(Items from a dataset)
■ ■ ■ ■
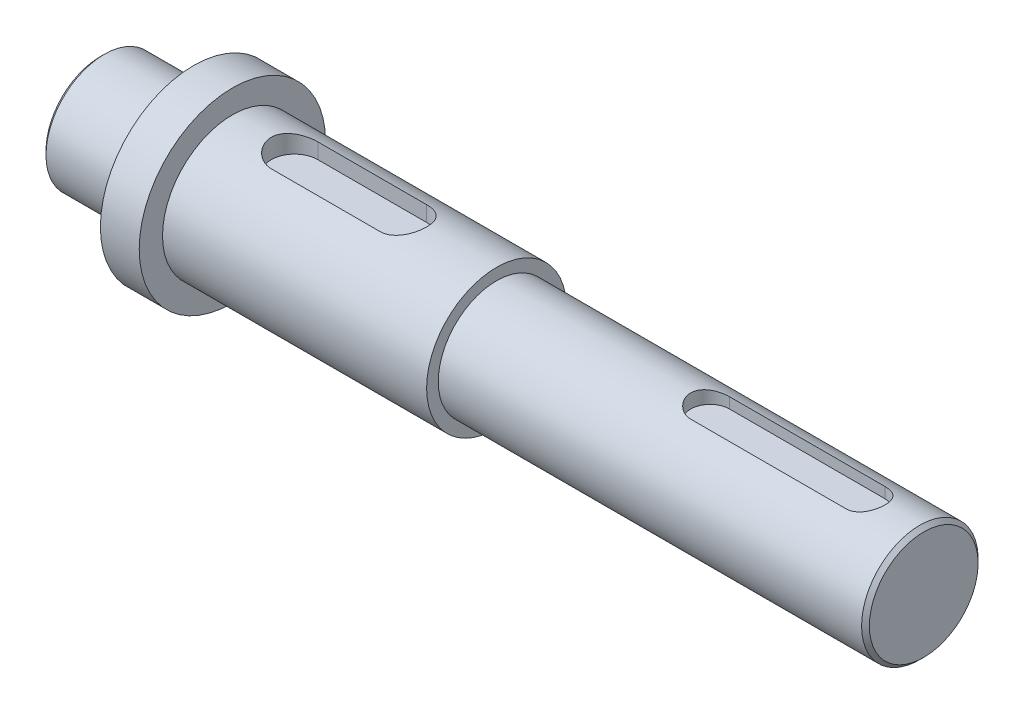
ISO-10303-21;
HEADER;
FILE_DESCRIPTION(('STEP AP214'),'2;1');
FILE_NAME('part.step','',(''),(''),'','','');
FILE_SCHEMA(('AUTOMOTIVE_DESIGN { 1 0 10303 214 1 1 1 1 }'));
ENDSEC;
DATA;
#1=APPLICATION_CONTEXT('core data for automotive mechanical design processes');
#2=APPLICATION_PROTOCOL_DEFINITION('international standard','automotive_design',2000,#1);
#3=PRODUCT_CONTEXT('',#1,'mechanical');
#4=PRODUCT('Part','Part','',(#3));
#5=PRODUCT_RELATED_PRODUCT_CATEGORY('part','',(#4));
#6=PRODUCT_DEFINITION_FORMATION('','',#4);
#7=PRODUCT_DEFINITION_CONTEXT('part definition',#1,'design');
#8=PRODUCT_DEFINITION('design','',#6,#7);
#9=PRODUCT_DEFINITION_SHAPE('','',#8);
#10=(LENGTH_UNIT() NAMED_UNIT(*) SI_UNIT(.MILLI.,.METRE.));
#11=(NAMED_UNIT(*) PLANE_ANGLE_UNIT() SI_UNIT($,.RADIAN.));
#12=(NAMED_UNIT(*) SI_UNIT($,.STERADIAN.) SOLID_ANGLE_UNIT());
#13=UNCERTAINTY_MEASURE_WITH_UNIT(LENGTH_MEASURE(1.E-05),#10,'distance_accuracy_value','');
#14=(GEOMETRIC_REPRESENTATION_CONTEXT(3) GLOBAL_UNCERTAINTY_ASSIGNED_CONTEXT((#13)) GLOBAL_UNIT_ASSIGNED_CONTEXT((#10,
#11,#12)) REPRESENTATION_CONTEXT('',''));
#15=CARTESIAN_POINT('',(0.,0.,0.));
#16=DIRECTION('',(0.,0.,1.));
#17=DIRECTION('',(1.,0.,0.));
#18=AXIS2_PLACEMENT_3D('',#15,#16,#17);
#19=CARTESIAN_POINT('',(-69.1916508538899,0.,0.));
#20=DIRECTION('',(1.,0.,0.));
#21=DIRECTION('',(0.,0.,-1.));
#22=AXIS2_PLACEMENT_3D('',#19,#20,#21);
#23=PLANE('',#22);
#24=CARTESIAN_POINT('',(-69.1916508538899,0.,0.));
#25=DIRECTION('',(1.,0.,0.));
#26=DIRECTION('',(0.,0.,-1.));
#27=AXIS2_PLACEMENT_3D('',#24,#25,#26);
#28=CIRCLE('',#27,7.00000000000001);
#29=CARTESIAN_POINT('',(-69.1916508538899,0.,-7.00000000000001));
#30=VERTEX_POINT('',#29);
#31=EDGE_CURVE('E51',#30,#30,#28,.F.);
#32=ORIENTED_EDGE('',*,*,#31,.T.);
#33=EDGE_LOOP('',(#32));
#34=FACE_BOUND('',#33,.T.);
#35=ADVANCED_FACE('F41',(#34),#23,.F.);
#36=CARTESIAN_POINT('',(-89.707779886148,0.,0.));
#37=DIRECTION('',(-1.,0.,0.));
#38=DIRECTION('',(0.,0.,1.));
#39=AXIS2_PLACEMENT_3D('',#36,#37,#38);
#40=CYLINDRICAL_SURFACE('',#39,7.5);
#41=CARTESIAN_POINT('',(-68.6916508538899,0.,0.));
#42=DIRECTION('',(1.,0.,0.));
#43=DIRECTION('',(0.,0.,-1.));
#44=AXIS2_PLACEMENT_3D('',#41,#42,#43);
#45=CIRCLE('',#44,7.5);
#46=CARTESIAN_POINT('',(-68.6916508538899,0.,-7.5));
#47=VERTEX_POINT('',#46);
#48=EDGE_CURVE('E11',#47,#47,#45,.T.);
#49=ORIENTED_EDGE('',*,*,#48,.T.);
#50=EDGE_LOOP('',(#49));
#51=FACE_BOUND('',#50,.T.);
#52=CARTESIAN_POINT('',(-57.1916508538899,0.,0.));
#53=DIRECTION('',(-1.,0.,0.));
#54=DIRECTION('',(0.,0.,1.));
#55=AXIS2_PLACEMENT_3D('',#52,#53,#54);
#56=CIRCLE('',#55,7.5);
#57=CARTESIAN_POINT('',(-57.1916508538899,0.,7.5));
#58=VERTEX_POINT('',#57);
#59=EDGE_CURVE('E198',#58,#58,#56,.T.);
#60=ORIENTED_EDGE('',*,*,#59,.T.);
#61=EDGE_LOOP('',(#60));
#62=FACE_BOUND('',#61,.T.);
#63=ADVANCED_FACE('F275',(#51,#62),#40,.T.);
#64=CARTESIAN_POINT('',(-57.1916508538899,7.5,0.));
#65=DIRECTION('',(1.,0.,0.));
#66=DIRECTION('',(0.,0.,-1.));
#67=AXIS2_PLACEMENT_3D('',#64,#65,#66);
#68=PLANE('',#67);
#69=ORIENTED_EDGE('',*,*,#59,.F.);
#70=EDGE_LOOP('',(#69));
#71=FACE_BOUND('',#70,.T.);
#72=CARTESIAN_POINT('',(-57.1916508538899,0.,0.));
#73=DIRECTION('',(-1.,0.,0.));
#74=DIRECTION('',(0.,0.,1.));
#75=AXIS2_PLACEMENT_3D('',#72,#73,#74);
#76=CIRCLE('',#75,12.);
#77=CARTESIAN_POINT('',(-57.1916508538899,0.,12.));
#78=VERTEX_POINT('',#77);
#79=EDGE_CURVE('E194',#78,#78,#76,.T.);
#80=ORIENTED_EDGE('',*,*,#79,.T.);
#81=EDGE_LOOP('',(#80));
#82=FACE_BOUND('',#81,.T.);
#83=ADVANCED_FACE('F281',(#71,#82),#68,.F.);
#84=CARTESIAN_POINT('',(-89.707779886148,0.,0.));
#85=DIRECTION('',(-1.,0.,0.));
#86=DIRECTION('',(0.,0.,1.));
#87=AXIS2_PLACEMENT_3D('',#84,#85,#86);
#88=CYLINDRICAL_SURFACE('',#87,12.);
#89=ORIENTED_EDGE('',*,*,#79,.F.);
#90=EDGE_LOOP('',(#89));
#91=FACE_BOUND('',#90,.T.);
#92=CARTESIAN_POINT('',(-52.1916508538899,0.,0.));
#93=DIRECTION('',(-1.,0.,0.));
#94=DIRECTION('',(0.,0.,1.));
#95=AXIS2_PLACEMENT_3D('',#92,#93,#94);
#96=CIRCLE('',#95,12.);
#97=CARTESIAN_POINT('',(-52.1916508538899,0.,12.));
#98=VERTEX_POINT('',#97);
#99=EDGE_CURVE('E190',#98,#98,#96,.T.);
#100=ORIENTED_EDGE('',*,*,#99,.T.);
#101=EDGE_LOOP('',(#100));
#102=FACE_BOUND('',#101,.T.);
#103=ADVANCED_FACE('F456',(#91,#102),#88,.T.);
#104=CARTESIAN_POINT('',(-52.1916508538899,12.,0.));
#105=DIRECTION('',(-1.,0.,0.));
#106=DIRECTION('',(0.,0.,1.));
#107=AXIS2_PLACEMENT_3D('',#104,#105,#106);
#108=PLANE('',#107);
#109=ORIENTED_EDGE('',*,*,#99,.F.);
#110=EDGE_LOOP('',(#109));
#111=FACE_BOUND('',#110,.T.);
#112=CARTESIAN_POINT('',(-52.1916508538899,0.,0.));
#113=DIRECTION('',(-1.,0.,0.));
#114=DIRECTION('',(0.,0.,1.));
#115=AXIS2_PLACEMENT_3D('',#112,#113,#114);
#116=CIRCLE('',#115,9.);
#117=CARTESIAN_POINT('',(-52.1916508538899,0.,9.));
#118=VERTEX_POINT('',#117);
#119=EDGE_CURVE('E186',#118,#118,#116,.T.);
#120=ORIENTED_EDGE('',*,*,#119,.T.);
#121=EDGE_LOOP('',(#120));
#122=FACE_BOUND('',#121,.T.);
#123=ADVANCED_FACE('F439',(#111,#122),#108,.F.);
#124=CARTESIAN_POINT('',(-89.707779886148,0.,0.));
#125=DIRECTION('',(-1.,0.,0.));
#126=DIRECTION('',(0.,0.,1.));
#127=AXIS2_PLACEMENT_3D('',#124,#125,#126);
#128=CYLINDRICAL_SURFACE('',#127,9.);
#129=DIRECTION('',(-1.,0.,0.));
#130=VECTOR('',#129,1.);
#131=CARTESIAN_POINT('',(-89.707779886148,8.48528137423857,-3.));
#132=LINE('',#131,#130);
#133=CARTESIAN_POINT('',(-44.1916508538899,8.48528137423857,-3.));
#134=VERTEX_POINT('',#133);
#135=CARTESIAN_POINT('',(-30.1916508538899,8.48528137423857,-3.));
#136=VERTEX_POINT('',#135);
#137=EDGE_CURVE('E427',#134,#136,#132,.F.);
#138=ORIENTED_EDGE('',*,*,#137,.T.);
#139=CARTESIAN_POINT('',(-30.1916508538899,8.48528137423857,-3.));
#140=CARTESIAN_POINT('',(-30.1098023605056,8.48526831927789,-3.00001078932487));
#141=CARTESIAN_POINT('',(-30.0279611642795,8.48646532685483,-2.99665064665902));
#142=CARTESIAN_POINT('',(-29.8649136078708,8.49118228945209,-2.98327254936565));
#143=CARTESIAN_POINT('',(-29.7837070823043,8.49470161740771,-2.97325639196642));
#144=CARTESIAN_POINT('',(-29.6227422678645,8.50395246303008,-2.94668951307354));
#145=CARTESIAN_POINT('',(-29.5429804108289,8.50967741820142,-2.93015817315762));
#146=CARTESIAN_POINT('',(-29.3852409315905,8.52315143887203,-2.89073017236145));
#147=CARTESIAN_POINT('',(-29.3072633739819,8.53090057752397,-2.86783328143241));
#148=CARTESIAN_POINT('',(-29.0768969582327,8.55683928952694,-2.7898986156743));
#149=CARTESIAN_POINT('',(-28.9278358649273,8.57773492660859,-2.72557700172276));
#150=CARTESIAN_POINT('',(-28.6425986801326,8.62436440905027,-2.5742134092753));
#151=CARTESIAN_POINT('',(-28.5064305709487,8.65010122261302,-2.4871574792233));
#152=CARTESIAN_POINT('',(-28.2454993697301,8.70463418867365,-2.28915595016086));
#153=CARTESIAN_POINT('',(-28.1213086825877,8.73350627313643,-2.17747541556634));
#154=CARTESIAN_POINT('',(-27.8930303299899,8.79041552071283,-1.93496485428979));
#155=CARTESIAN_POINT('',(-27.7889462442339,8.81845253440363,-1.80413142497752));
#156=CARTESIAN_POINT('',(-27.6012129848502,8.87141647315468,-1.52281106991368));
#157=CARTESIAN_POINT('',(-27.5181680848832,8.8962431223892,-1.37190030336069));
#158=CARTESIAN_POINT('',(-27.3788739146845,8.9390882626048,-1.05728771462316));
#159=CARTESIAN_POINT('',(-27.3226164589191,8.95710883299482,-0.893589817668321));
#160=CARTESIAN_POINT('',(-27.2404437234032,8.98377213313373,-0.564088045229086));
#161=CARTESIAN_POINT('',(-27.2135410524982,8.99271926928151,-0.398555505085339));
#162=CARTESIAN_POINT('',(-27.1877019420477,9.0013082524901,-0.0650969066624202));
#163=CARTESIAN_POINT('',(-27.1887588387912,9.00095231678788,0.102828571762972));
#164=CARTESIAN_POINT('',(-27.2181837198212,8.99118115872284,0.429311537733987));
#165=CARTESIAN_POINT('',(-27.245478817896,8.98212182877037,0.587978116884621));
#166=CARTESIAN_POINT('',(-27.3248303997818,8.9564088159923,0.898332184121461));
#167=CARTESIAN_POINT('',(-27.3768882565945,8.93975471206725,1.05001928471038));
#168=CARTESIAN_POINT('',(-27.5049151490252,8.90027004455731,1.34445790368094));
#169=CARTESIAN_POINT('',(-27.5811896880341,8.8773611217211,1.48706564697704));
#170=CARTESIAN_POINT('',(-27.7552300090946,8.82775164383326,1.75777363724201));
#171=CARTESIAN_POINT('',(-27.853001637214,8.80105005807909,1.88586992347828));
#172=CARTESIAN_POINT('',(-28.0726667363483,8.74518810577395,2.13029252762403));
#173=CARTESIAN_POINT('',(-28.1954779052143,8.71597116015319,2.24578277403273));
#174=CARTESIAN_POINT('',(-28.4589648991824,8.65942491449435,2.45481413464109));
#175=CARTESIAN_POINT('',(-28.5996464731824,8.63209622629495,2.5483481578384));
#176=CARTESIAN_POINT('',(-28.8977309321264,8.58210018141277,2.71201733554396));
#177=CARTESIAN_POINT('',(-29.0553500050085,8.55950759277136,2.78178668333576));
#178=CARTESIAN_POINT('',(-29.2993349884447,8.5316849132946,2.86551808116445));
#179=CARTESIAN_POINT('',(-29.3819076109602,8.52342263559069,2.889939000529));
#180=CARTESIAN_POINT('',(-29.5490212501003,8.50917513666655,2.93162549079289));
#181=CARTESIAN_POINT('',(-29.633561349226,8.50318887578236,2.94889432902107));
#182=CARTESIAN_POINT('',(-29.7968841316406,8.49410161473166,2.97496555991272));
#183=CARTESIAN_POINT('',(-29.875563714526,8.49080270505212,2.98435073218189));
#184=CARTESIAN_POINT('',(-30.0333763833948,8.48638843638536,2.99686829404165));
#185=CARTESIAN_POINT('',(-30.1125087515318,8.48527025982562,3.00000875209309));
#186=CARTESIAN_POINT('',(-30.1916508538899,8.48528137423857,3.));
#187=B_SPLINE_CURVE_WITH_KNOTS('',3,(#139,#140,#141,#142,#143,#144,#145,#146,#147,#148,#149,
#150,#151,#152,#153,#154,#155,#156,#157,#158,#159,#160,#161,#162,#163,#164,#165,#166,#167,#168,
#169,#170,#171,#172,#173,#174,#175,#176,#177,#178,#179,#180,#181,#182,#183,#184,#185,#186),
.UNSPECIFIED.,.F.,.F.,(4,2,2,2,2,2,2,2,2,2,2,2,2,2,2,2,2,2,2,2,2,2,2,4),(0.,0.245455454206297,
0.490844658508385,0.735509315314893,0.980182815366468,1.46881220307906,1.95774215958628,
2.46393436906068,2.97021661609277,3.48971320817338,4.00905095381417,4.51032334200243,
5.01147626109962,5.4929717741524,5.97449398742778,6.46234978495938,6.9503384178434,
7.46126084192185,7.97234804765762,8.49098011802155,8.75020549988895,9.00931232726958,
9.24695816264695,9.4842967485361),.UNSPECIFIED.);
#188=CARTESIAN_POINT('',(-30.1916508538899,8.48528137423857,3.));
#189=VERTEX_POINT('',#188);
#190=EDGE_CURVE('E202',#136,#189,#187,.T.);
#191=ORIENTED_EDGE('',*,*,#190,.T.);
#192=DIRECTION('',(-1.,0.,0.));
#193=VECTOR('',#192,1.);
#194=CARTESIAN_POINT('',(-89.707779886148,8.48528137423857,3.));
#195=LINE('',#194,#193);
■ ■ ■ ■
**Task requirements:** Beginning with the line that has "#119=EDGE_CURVE('E186',#118,#118,#116,.T.);" and ending with the line that has "#130=VECTOR('',#129,1.);", set down the lines above exactly and include no others.

**Result of this exercise:**
#119=EDGE_CURVE('E186',#118,#118,#116,.T.);
#120=ORIENTED_EDGE('',*,*,#119,.T.);
#121=EDGE_LOOP('',(#120));
#122=FACE_BOUND('',#121,.T.);
#123=ADVANCED_FACE('F439',(#111,#122),#108,.F.);
#124=CARTESIAN_POINT('',(-89.707779886148,0.,0.));
#125=DIRECTION('',(-1.,0.,0.));
#126=DIRECTION('',(0.,0.,1.));
#127=AXIS2_PLACEMENT_3D('',#124,#125,#126);
#128=CYLINDRICAL_SURFACE('',#127,9.);
#129=DIRECTION('',(-1.,0.,0.));
#130=VECTOR('',#129,1.);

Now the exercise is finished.